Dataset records
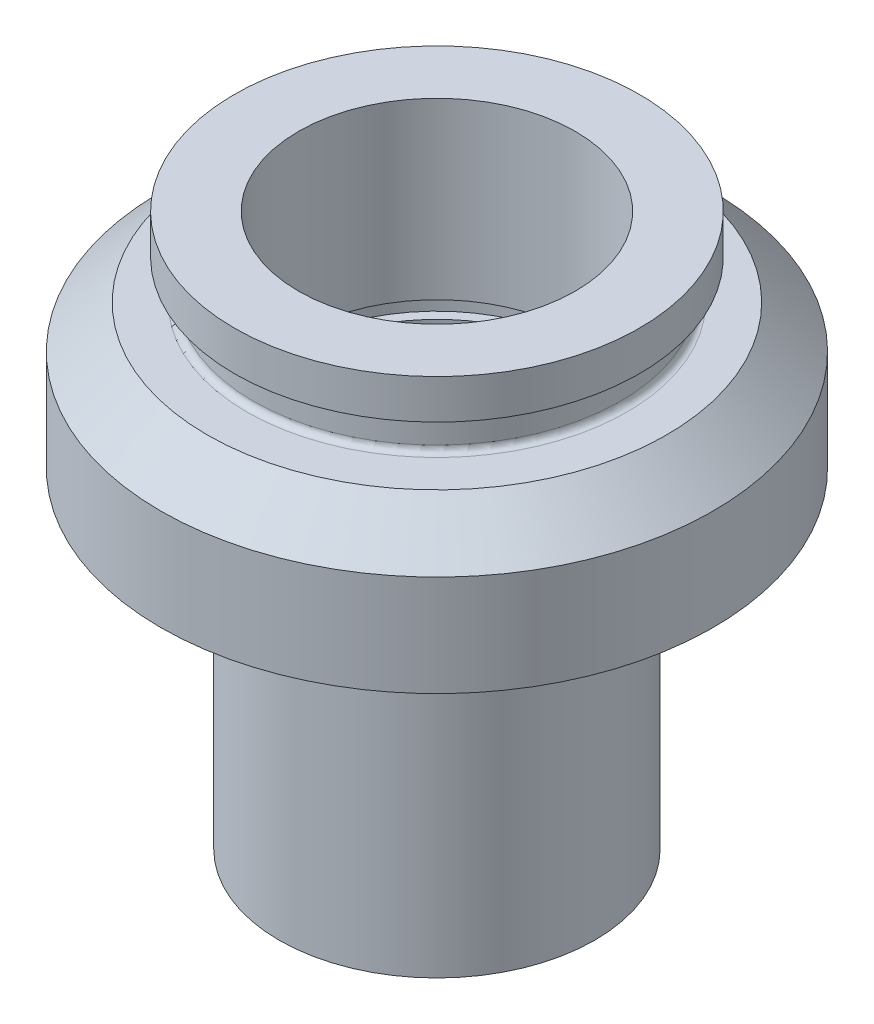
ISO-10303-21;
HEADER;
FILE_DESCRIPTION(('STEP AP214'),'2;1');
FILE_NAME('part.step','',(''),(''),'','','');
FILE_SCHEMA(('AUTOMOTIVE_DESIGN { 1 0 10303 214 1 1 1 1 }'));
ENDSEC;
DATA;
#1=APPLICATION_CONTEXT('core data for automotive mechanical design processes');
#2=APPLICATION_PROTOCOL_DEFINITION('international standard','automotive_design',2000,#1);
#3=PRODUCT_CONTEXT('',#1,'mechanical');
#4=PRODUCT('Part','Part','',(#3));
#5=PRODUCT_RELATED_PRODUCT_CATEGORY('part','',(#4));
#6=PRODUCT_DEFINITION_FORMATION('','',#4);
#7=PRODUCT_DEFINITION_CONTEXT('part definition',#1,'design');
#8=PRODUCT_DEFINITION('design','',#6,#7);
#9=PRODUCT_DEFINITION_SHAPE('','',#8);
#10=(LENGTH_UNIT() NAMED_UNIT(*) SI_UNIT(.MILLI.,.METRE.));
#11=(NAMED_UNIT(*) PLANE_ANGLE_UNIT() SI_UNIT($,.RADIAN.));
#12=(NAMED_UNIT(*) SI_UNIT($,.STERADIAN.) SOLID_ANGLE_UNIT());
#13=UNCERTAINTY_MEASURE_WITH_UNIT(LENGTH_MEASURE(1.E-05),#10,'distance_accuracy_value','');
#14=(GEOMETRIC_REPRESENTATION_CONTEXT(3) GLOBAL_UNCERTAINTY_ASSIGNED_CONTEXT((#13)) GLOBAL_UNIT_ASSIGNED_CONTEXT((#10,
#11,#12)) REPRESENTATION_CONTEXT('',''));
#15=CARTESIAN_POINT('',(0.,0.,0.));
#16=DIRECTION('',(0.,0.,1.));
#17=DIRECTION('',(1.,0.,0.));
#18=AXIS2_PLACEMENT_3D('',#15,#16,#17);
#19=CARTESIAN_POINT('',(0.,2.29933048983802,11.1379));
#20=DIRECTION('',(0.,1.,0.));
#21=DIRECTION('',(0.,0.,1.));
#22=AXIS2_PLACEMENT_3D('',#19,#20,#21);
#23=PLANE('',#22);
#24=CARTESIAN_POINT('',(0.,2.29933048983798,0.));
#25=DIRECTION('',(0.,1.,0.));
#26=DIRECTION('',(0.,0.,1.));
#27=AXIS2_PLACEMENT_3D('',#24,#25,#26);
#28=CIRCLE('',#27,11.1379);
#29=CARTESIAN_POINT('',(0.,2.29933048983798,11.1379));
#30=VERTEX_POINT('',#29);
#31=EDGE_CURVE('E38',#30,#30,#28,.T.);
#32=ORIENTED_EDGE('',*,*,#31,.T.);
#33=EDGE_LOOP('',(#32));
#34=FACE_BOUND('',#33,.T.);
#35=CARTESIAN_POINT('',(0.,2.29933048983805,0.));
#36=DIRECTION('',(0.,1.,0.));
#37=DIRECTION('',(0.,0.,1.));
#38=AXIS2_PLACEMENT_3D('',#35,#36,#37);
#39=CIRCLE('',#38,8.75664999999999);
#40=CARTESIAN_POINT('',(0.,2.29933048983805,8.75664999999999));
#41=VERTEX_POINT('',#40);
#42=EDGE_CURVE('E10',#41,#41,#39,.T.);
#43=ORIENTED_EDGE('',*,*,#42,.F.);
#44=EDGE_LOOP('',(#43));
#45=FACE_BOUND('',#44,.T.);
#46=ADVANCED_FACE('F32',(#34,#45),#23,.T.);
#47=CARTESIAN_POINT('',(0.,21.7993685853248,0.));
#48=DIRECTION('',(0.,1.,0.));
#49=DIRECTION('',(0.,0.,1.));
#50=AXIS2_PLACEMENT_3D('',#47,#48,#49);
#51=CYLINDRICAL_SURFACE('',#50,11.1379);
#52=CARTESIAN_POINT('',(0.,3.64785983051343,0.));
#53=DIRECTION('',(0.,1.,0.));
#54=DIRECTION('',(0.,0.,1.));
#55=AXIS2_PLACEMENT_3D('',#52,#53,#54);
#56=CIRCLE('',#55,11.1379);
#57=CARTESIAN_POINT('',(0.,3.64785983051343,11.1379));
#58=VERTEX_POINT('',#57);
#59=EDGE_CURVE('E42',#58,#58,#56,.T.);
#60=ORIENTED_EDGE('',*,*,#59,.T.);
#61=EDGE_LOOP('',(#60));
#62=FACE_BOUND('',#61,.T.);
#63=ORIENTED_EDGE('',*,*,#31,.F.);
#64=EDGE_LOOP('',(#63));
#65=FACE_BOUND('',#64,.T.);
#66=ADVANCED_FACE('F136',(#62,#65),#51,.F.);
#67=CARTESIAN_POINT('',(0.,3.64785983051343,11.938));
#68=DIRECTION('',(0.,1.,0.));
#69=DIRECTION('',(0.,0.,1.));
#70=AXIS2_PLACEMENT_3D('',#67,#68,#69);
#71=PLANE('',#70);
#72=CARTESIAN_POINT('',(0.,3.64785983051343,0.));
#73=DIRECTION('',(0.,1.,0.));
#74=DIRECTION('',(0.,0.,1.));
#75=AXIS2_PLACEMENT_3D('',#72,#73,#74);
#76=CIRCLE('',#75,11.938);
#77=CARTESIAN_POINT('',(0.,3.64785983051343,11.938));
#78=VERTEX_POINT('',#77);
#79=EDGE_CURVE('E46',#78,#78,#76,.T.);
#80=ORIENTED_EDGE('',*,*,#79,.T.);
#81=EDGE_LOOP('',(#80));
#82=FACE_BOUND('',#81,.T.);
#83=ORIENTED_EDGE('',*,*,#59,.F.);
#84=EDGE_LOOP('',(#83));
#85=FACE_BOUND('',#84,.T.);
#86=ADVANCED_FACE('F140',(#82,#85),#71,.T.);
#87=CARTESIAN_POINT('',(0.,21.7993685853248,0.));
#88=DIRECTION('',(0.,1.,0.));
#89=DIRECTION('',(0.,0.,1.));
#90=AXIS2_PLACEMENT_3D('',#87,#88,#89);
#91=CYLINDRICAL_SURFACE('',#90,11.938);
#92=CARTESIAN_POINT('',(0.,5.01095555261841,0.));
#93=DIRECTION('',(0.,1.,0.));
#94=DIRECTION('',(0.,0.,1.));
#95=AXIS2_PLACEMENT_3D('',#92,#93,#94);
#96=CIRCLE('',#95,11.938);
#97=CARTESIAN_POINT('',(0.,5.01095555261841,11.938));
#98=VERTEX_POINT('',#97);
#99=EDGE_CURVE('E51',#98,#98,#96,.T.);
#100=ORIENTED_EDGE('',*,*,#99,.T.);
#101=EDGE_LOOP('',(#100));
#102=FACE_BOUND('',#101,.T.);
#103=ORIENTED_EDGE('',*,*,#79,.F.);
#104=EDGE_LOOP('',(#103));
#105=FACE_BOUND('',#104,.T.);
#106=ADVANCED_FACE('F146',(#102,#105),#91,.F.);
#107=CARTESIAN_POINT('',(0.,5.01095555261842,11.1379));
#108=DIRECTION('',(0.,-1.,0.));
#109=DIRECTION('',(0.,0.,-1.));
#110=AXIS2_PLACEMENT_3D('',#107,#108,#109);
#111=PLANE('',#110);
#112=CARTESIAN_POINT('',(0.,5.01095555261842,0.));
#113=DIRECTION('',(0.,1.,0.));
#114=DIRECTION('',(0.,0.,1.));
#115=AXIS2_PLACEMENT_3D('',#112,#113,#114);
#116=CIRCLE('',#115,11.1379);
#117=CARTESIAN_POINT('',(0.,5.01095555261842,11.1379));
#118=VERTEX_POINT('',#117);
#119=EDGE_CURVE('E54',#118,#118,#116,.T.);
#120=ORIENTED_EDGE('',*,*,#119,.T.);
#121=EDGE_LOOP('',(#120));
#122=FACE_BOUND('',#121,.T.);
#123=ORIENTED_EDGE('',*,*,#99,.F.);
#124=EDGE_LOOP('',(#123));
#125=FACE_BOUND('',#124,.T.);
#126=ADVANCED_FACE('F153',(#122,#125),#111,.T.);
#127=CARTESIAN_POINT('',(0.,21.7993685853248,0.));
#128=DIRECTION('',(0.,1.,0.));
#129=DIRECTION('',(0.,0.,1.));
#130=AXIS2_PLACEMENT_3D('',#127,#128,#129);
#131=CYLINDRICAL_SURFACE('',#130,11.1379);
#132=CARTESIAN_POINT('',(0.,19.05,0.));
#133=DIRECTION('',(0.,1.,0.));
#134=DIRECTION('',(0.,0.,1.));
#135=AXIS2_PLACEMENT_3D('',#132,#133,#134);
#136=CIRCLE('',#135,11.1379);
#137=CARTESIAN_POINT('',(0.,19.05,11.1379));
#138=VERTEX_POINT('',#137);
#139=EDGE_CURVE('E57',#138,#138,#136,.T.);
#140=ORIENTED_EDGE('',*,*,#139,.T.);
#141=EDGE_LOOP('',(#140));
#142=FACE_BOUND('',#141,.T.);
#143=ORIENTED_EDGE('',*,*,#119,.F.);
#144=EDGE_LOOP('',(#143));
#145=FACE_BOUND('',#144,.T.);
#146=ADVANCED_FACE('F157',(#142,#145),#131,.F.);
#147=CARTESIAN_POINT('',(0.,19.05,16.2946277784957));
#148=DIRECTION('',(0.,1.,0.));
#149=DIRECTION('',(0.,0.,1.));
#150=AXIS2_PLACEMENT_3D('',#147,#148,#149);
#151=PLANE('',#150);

→ TASK OBJECTIVE: A verbatim transcription is needed of the lines above, starting at the line with "#43=ORIENTED_EDGE('',*,*,#42,.F.);" and ending at the line with "#75=AXIS2_PLACEMENT_3D('',#72,#73,#74);", both included, and of nothing else.

→ EXERCISE ANSWER:
#43=ORIENTED_EDGE('',*,*,#42,.F.);
#44=EDGE_LOOP('',(#43));
#45=FACE_BOUND('',#44,.T.);
#46=ADVANCED_FACE('F32',(#34,#45),#23,.T.);
#47=CARTESIAN_POINT('',(0.,21.7993685853248,0.));
#48=DIRECTION('',(0.,1.,0.));
#49=DIRECTION('',(0.,0.,1.));
#50=AXIS2_PLACEMENT_3D('',#47,#48,#49);
#51=CYLINDRICAL_SURFACE('',#50,11.1379);
#52=CARTESIAN_POINT('',(0.,3.64785983051343,0.));
#53=DIRECTION('',(0.,1.,0.));
#54=DIRECTION('',(0.,0.,1.));
#55=AXIS2_PLACEMENT_3D('',#52,#53,#54);
#56=CIRCLE('',#55,11.1379);
#57=CARTESIAN_POINT('',(0.,3.64785983051343,11.1379));
#58=VERTEX_POINT('',#57);
#59=EDGE_CURVE('E42',#58,#58,#56,.T.);
#60=ORIENTED_EDGE('',*,*,#59,.T.);
#61=EDGE_LOOP('',(#60));
#62=FACE_BOUND('',#61,.T.);
#63=ORIENTED_EDGE('',*,*,#31,.F.);
#64=EDGE_LOOP('',(#63));
#65=FACE_BOUND('',#64,.T.);
#66=ADVANCED_FACE('F136',(#62,#65),#51,.F.);
#67=CARTESIAN_POINT('',(0.,3.64785983051343,11.938));
#68=DIRECTION('',(0.,1.,0.));
#69=DIRECTION('',(0.,0.,1.));
#70=AXIS2_PLACEMENT_3D('',#67,#68,#69);
#71=PLANE('',#70);
#72=CARTESIAN_POINT('',(0.,3.64785983051343,0.));
#73=DIRECTION('',(0.,1.,0.));
#74=DIRECTION('',(0.,0.,1.));
#75=AXIS2_PLACEMENT_3D('',#72,#73,#74);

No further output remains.